The Future of Faster, Smaller, and More Efficient Chips: A Breakthrough in Hybrid Bonding

By JoAnn Yamani

March 3, 2025

Imagine a world where our computers, smartphones, and artificial intelligence (AI) systems operate even faster while consuming less power. One of the key innovations making this future possible is hybrid bonding, a cutting-edge technology that enables ultra-efficient stacking of microchips. Researchers at Adeia have been refining this process to ensure it meets the demands of the semiconductor industry. In this article, we’ll explain their latest advancements in making hybrid bonding cleaner and more reliable.

What is Hybrid Bonding and Why Does It Matter?

Modern advanced packages are becoming increasingly complex, with high bandwidth memory (HBM)—the backbone of AI and high-performance computing—requiring multiple layers of microchips stacked together. Traditionally, these chips are connected using tiny solder bumps, but this method comes with several drawbacks, such as increased thickness, inefficient heat dissipation, and electrical resistance.

Hybrid bonding eliminates these issues by creating a direct, molecular-level connection between chips, making them thinner, faster, and more efficient. However, to achieve this, the surface of the chips must be perfectly clean and smooth—even microscopic contamination can ruin the connection. That’s where Adeia’s research comes in.

The Challenge: Keeping Chip Surfaces Spotless

When forming 3D stacks of HBM, the die must be thinned to less than or equal to ~50 um. The thinning process requires temporarily attaching a carrier wafer to hold the delicate wafer. This requires adhesives, but once processing is complete, these adhesives must be completely removed before hybrid bonding.

The problem? Traditional temporary bond materials and cleaning methods, which work fine for older solder-based bonding, leave microscopic residue and damage that can ruin hybrid bonding connections and the overall die stack. Adeia set out to solve this by developing a more advanced, environmentally friendly cleaning process.

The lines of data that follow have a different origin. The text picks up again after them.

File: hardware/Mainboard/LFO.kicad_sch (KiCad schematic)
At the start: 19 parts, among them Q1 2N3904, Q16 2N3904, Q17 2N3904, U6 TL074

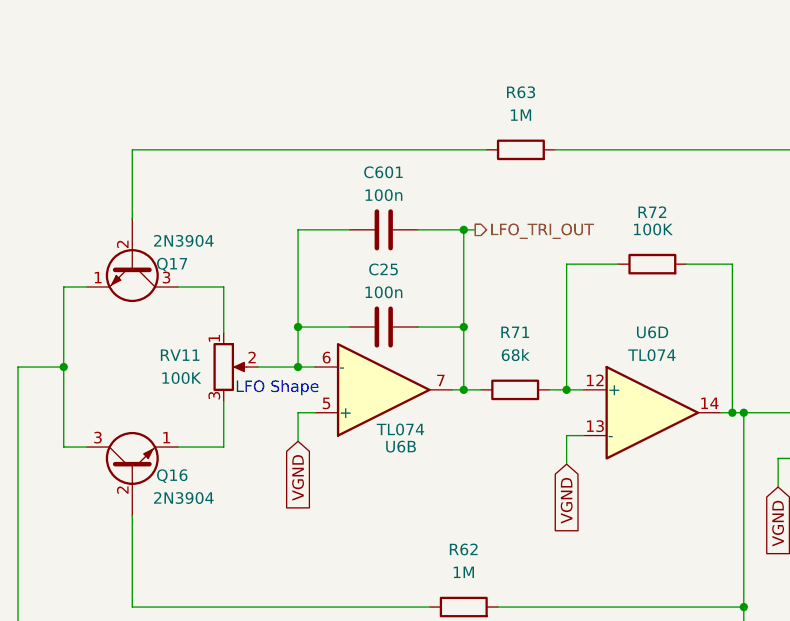
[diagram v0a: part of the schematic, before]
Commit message: add 0v2 status
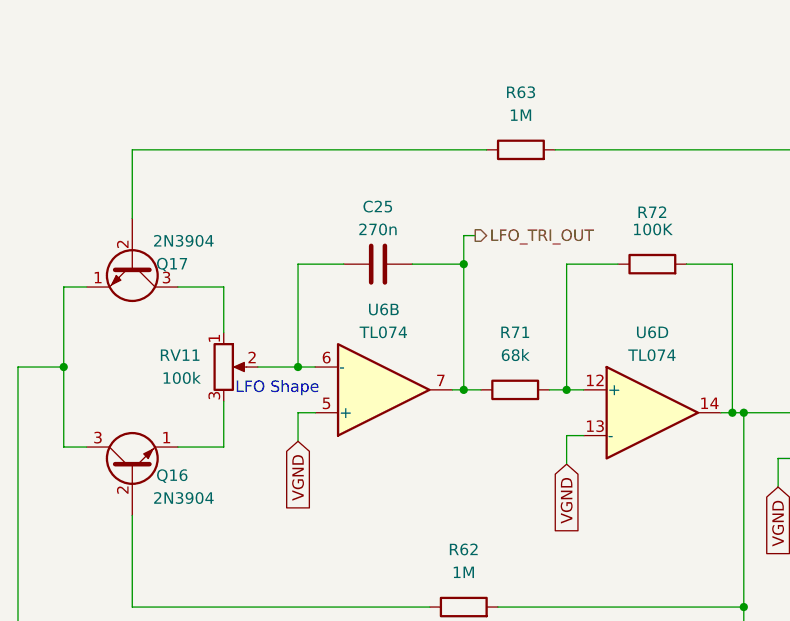
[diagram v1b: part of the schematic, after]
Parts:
- removed C601: 100n, Capacitor_THT:C_Rect_L7.2mm_W2.5mm_P5.00mm_FKS2_FKP2_MKS2_MKP2, symbol Device:C
- C25: value 100n -> 270n; footprint Capacitor_THT:C_Rect_L7.2mm_W2.5mm_P5.00mm_FKS2_FKP2_MKS2_MKP2 -> Capacitor_THT:C_Rect_L7.2mm_W5.5mm_P5.00mm_FKS2_FKP2_MKS2_MKP2
- RV11: value 100K -> 100k
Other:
- moved on the sheet: C25
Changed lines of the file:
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@@
   (junction (at 163.83 78.74) (diameter 0) (color 0 0 0 0)
   )
+  (junction (at 133.985 62.23) (diameter 0) (color 0 0 0 0)
+  )
   (junction (at 89.535 73.66) (diameter 0) (color 0 0 0 0)
   )
   (junction (at 165.1 100.33) (diameter 0) (color 0 0 0 0)
   )
-  (junction (at 115.57 69.215) (diameter 0) (color 0 0 0 0)
-  )
   (junction (at 165.1 78.74) (diameter 0) (color 0 0 0 0)
   )
@@
   (junction (at 115.57 73.66) (diameter 0) (color 0 0 0 0)
   )
-  (junction (at 133.985 69.215) (diameter 0) (color 0 0 0 0)
-  )
-  (junction (at 133.985 58.42) (diameter 0) (color 0 0 0 0)
-  )
   (wire (pts (xy 189.23 49.53) (xy 189.23 62.23))
     (stroke (width 0) (type default))
@@
     (stroke (width 0) (type default))
   )
-  (wire (pts (xy 128.905 69.215) (xy 133.985 69.215))
-    (stroke (width 0) (type default))
-  )
   (wire (pts (xy 137.795 117.475) (xy 161.29 117.475))
     (stroke (width 0) (type default))
   )
-  (wire (pts (xy 115.57 58.42) (xy 121.285 58.42))
-    (stroke (width 0) (type default))
-  )
   (wire (pts (xy 217.17 53.34) (xy 217.17 57.15))
     (stroke (width 0) (type default))
@@
     (stroke (width 0) (type default))
   )
+  (wire (pts (xy 133.985 62.23) (xy 133.985 76.2))
+    (stroke (width 0) (type default))
+  )
   (wire (pts (xy 144.145 49.53) (xy 189.23 49.53))
     (stroke (width 0) (type default))
   )
-  (wire (pts (xy 115.57 58.42) (xy 115.57 69.215))
+  (wire (pts (xy 115.57 62.23) (xy 115.57 73.66))
     (stroke (width 0) (type default))
   )
@@
     (stroke (width 0) (type default))
   )
-  (wire (pts (xy 133.985 58.42) (xy 135.255 58.42))
+  (wire (pts (xy 133.985 59.055) (xy 135.255 59.055))
+    (stroke (width 0) (type default))
+  )
+  (wire (pts (xy 128.27 62.23) (xy 133.985 62.23))
     (stroke (width 0) (type default))
   )
@@
     (stroke (width 0) (type default))
   )
+  (wire (pts (xy 120.65 62.23) (xy 115.57 62.23))
+    (stroke (width 0) (type default))
+  )
   (wire (pts (xy 163.83 62.23) (xy 163.83 78.74))
     (stroke (width 0) (type default))
@@
     (stroke (width 0) (type default))
   )
-  (wire (pts (xy 115.57 69.215) (xy 115.57 73.66))
-    (stroke (width 0) (type default))
-  )
   (wire (pts (xy 189.23 81.28) (xy 186.69 81.28))
     (stroke (width 0) (type default))
@@
     (stroke (width 0) (type default))
   )
-  (wire (pts (xy 133.985 69.215) (xy 133.985 76.2))
-    (stroke (width 0) (type default))
-  )
   (wire (pts (xy 111.125 73.66) (xy 115.57 73.66))
     (stroke (width 0) (type default))
   )
-  (wire (pts (xy 128.905 58.42) (xy 133.985 58.42))
-    (stroke (width 0) (type default))
-  )
   (wire (pts (xy 102.235 64.77) (xy 107.315 64.77))
     (stroke (width 0) (type default))
@@
     (stroke (width 0) (type default))
   )
-  (wire (pts (xy 133.985 58.42) (xy 133.985 69.215))
-    (stroke (width 0) (type default))
-  )
   (wire (pts (xy 217.17 77.47) (xy 217.17 80.01))
     (stroke (width 0) (type default))
@@
     (stroke (width 0) (type default))
   )
-  (wire (pts (xy 115.57 69.215) (xy 121.285 69.215))
+  (wire (pts (xy 133.985 59.055) (xy 133.985 62.23))
     (stroke (width 0) (type default))
   )
@@
     )
   )
-  (hierarchical_label "LFO_TRI_OUT" (shape output) (at 135.255 58.42 0) (fields_autoplaced)
+  (hierarchical_label "LFO_TRI_OUT" (shape output) (at 135.255 59.055 0) (fields_autoplaced)
     (effects (font (size 1.27 1.27)) (justify left))
   )
@@
     )
   )
-  (symbol (lib_id "Device:C") (at 125.095 58.42 90) (unit 1)
-    (in_bom yes) (on_board yes) (dnp no) (fields_autoplaced)
-    (property "Reference" "C601" (at 125.095 52.07 90)
-      (effects (font (size 1.27 1.27)))
-    )
-    (property "Value" "100n" (at 125.095 54.61 90)
-      (effects (font (size 1.27 1.27)))
-    )
-    (property "Footprint" "Capacitor_THT:C_Rect_L7.2mm_W2.5mm_P5.00mm_FKS2_FKP2_MKS2_MKP2" (at 128.905 57.4548 0)
-      (effects (font (size 1.27 1.27)) hide)
-    )
-    (property "Datasheet" "~" (at 125.095 58.42 0)
-      (effects (font (size 1.27 1.27)) hide)
-    )
-    (pin "1")
-    (pin "2")
-    (instances
-      (project "LivSynth_Hardware"
-        (path "/f595cb10-48de-4dd8-91c0-2935f104b3c6/a8e2a098-2010-4ec0-a897-f9a91ed4a45e"
-          (reference "C601") (unit 1)
-        )
-      )
-    )
-  )
   (symbol (lib_id "power:GND") (at 217.17 90.17 0) (unit 1)
     (in_bom yes) (on_board yes) (dnp no) (fields_autoplaced)
@@
     )
   )
-  (symbol (lib_id "Device:C") (at 125.095 69.215 90) (unit 1)
-    (in_bom yes) (on_board yes) (dnp no) (fields_autoplaced)
-    (property "Reference" "C25" (at 125.095 62.865 90)
-      (effects (font (size 1.27 1.27)))
-    )
-    (property "Value" "100n" (at 125.095 65.405 90)
-      (effects (font (size 1.27 1.27)))
-    )
-    (property "Footprint" "Capacitor_THT:C_Rect_L7.2mm_W2.5mm_P5.00mm_FKS2_FKP2_MKS2_MKP2" (at 128.905 68.2498 0)
-      (effects (font (size 1.27 1.27)) hide)
-    )
-    (property "Datasheet" "~" (at 125.095 69.215 0)
+  (symbol (lib_id "Device:C") (at 124.46 62.23 90) (unit 1)
+    (in_bom yes) (on_board yes) (dnp no) (fields_autoplaced)
+    (property "Reference" "C25" (at 124.46 55.88 90)
+      (effects (font (size 1.27 1.27)))
+    )
+    (property "Value" "270n" (at 124.46 58.42 90)
+      (effects (font (size 1.27 1.27)))
+    )
+    (property "Footprint" "Capacitor_THT:C_Rect_L7.2mm_W5.5mm_P5.00mm_FKS2_FKP2_MKS2_MKP2" (at 128.27 61.2648 0)
+      (effects (font (size 1.27 1.27)) hide)
+    )
+    (property "Datasheet" "~" (at 124.46 62.23 0)
       (effects (font (size 1.27 1.27)) hide)
     )
@@
       (effects (font (size 1.27 1.27)) (justify right))
     )
-    (property "Value" "100K" (at 104.775 74.9299 0)
+    (property "Value" "100k" (at 104.775 74.9299 0)
       (effects (font (size 1.27 1.27)) (justify right))
     )
@@
   (symbol (lib_id "Amplifier_Operational:TL074") (at 125.095 76.2 0) (mirror x) (unit 2)
     (in_bom yes) (on_board yes) (dnp no)
-    (property "Reference" "U6" (at 127 82.55 0)
-      (effects (font (size 1.27 1.27)))
-    )
-    (property "Value" "TL074" (at 127 80.645 0)
-      (effects (font (size 1.27 1.27)))
-    )
+    (property "Reference" "U6" (at 125.095 67.31 0)
+      (effects (font (size 1.27 1.27)))
+    )
+    (property "Value" "TL074" (at 125.095 69.85 0)
+      (effects (font (size 1.27 1.27)))
+    )

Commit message: Backport from 0v3
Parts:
- RV11: value 100k -> 100K
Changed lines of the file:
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@@
       (effects (font (size 1.27 1.27)) (justify right))
     )
-    (property "Value" "100k" (at 104.775 74.9299 0)
+    (property "Value" "100K" (at 104.775 74.9299 0)
       (effects (font (size 1.27 1.27)) (justify right))
     )

The Solution: A New Cleaning Method

Adeia compared two different cleaning methods:

1. Solvent-based cleaning developed for solder-based bonding: This method uses chemicals to dissolve the adhesive, but it damages the copper pads needed for bonding and leaves tenacious contaminants on the surface.
2. Adeia’s new non-solvent cleaning: This eco-friendly process removes adhesive without damaging the copper pads or leaving residue.

Their results showed that traditional solvent-based cleaning compatible with solder-based bonding created too much damage and contamination, making it incompatible with hybrid bonding. In contrast, Adeia’s new cleaning method produced a pristine surface ideal for reliable chip stacking.

Why This Breakthrough Matters

By perfecting this new cleaning process, Adeia has made die-to-wafer hybrid bonding more viable for mass production, ensuring:

- Smaller, thinner chips that enhance mobile devices and AI processors.
- Improved performance by reducing electrical resistance and heat buildup.
- Higher manufacturing yield, meaning more functional chips per batch.
- Environmentally friendly production by eliminating harmful solvents.

This advancement is a game-changer for the semiconductor industry and a major step toward the next generation of faster, more powerful computing.

What’s Next?

Adeia’s research isn’t stopping here. Researchers plan to further refine their cleaning process and expand testing to more adhesive materials. As hybrid bonding becomes the standard for chip manufacturing, Adeia’s fundamental process development work plays an important role in qualifying materials and processes for the eventual high-volume manufacturing (HVM) ramp that our customers will need.  

The bottom line? Thanks to these innovations, we’re one step closer to a world where AI, cloud computing, and high-performance devices can reach their full potential – while staying cool, efficient, and lightning-fast.

Dr. Guilian Gao is presenting the paper that is the basis for this blog at the IMAPS, Device Packaging Conference on March 3-6, 2025.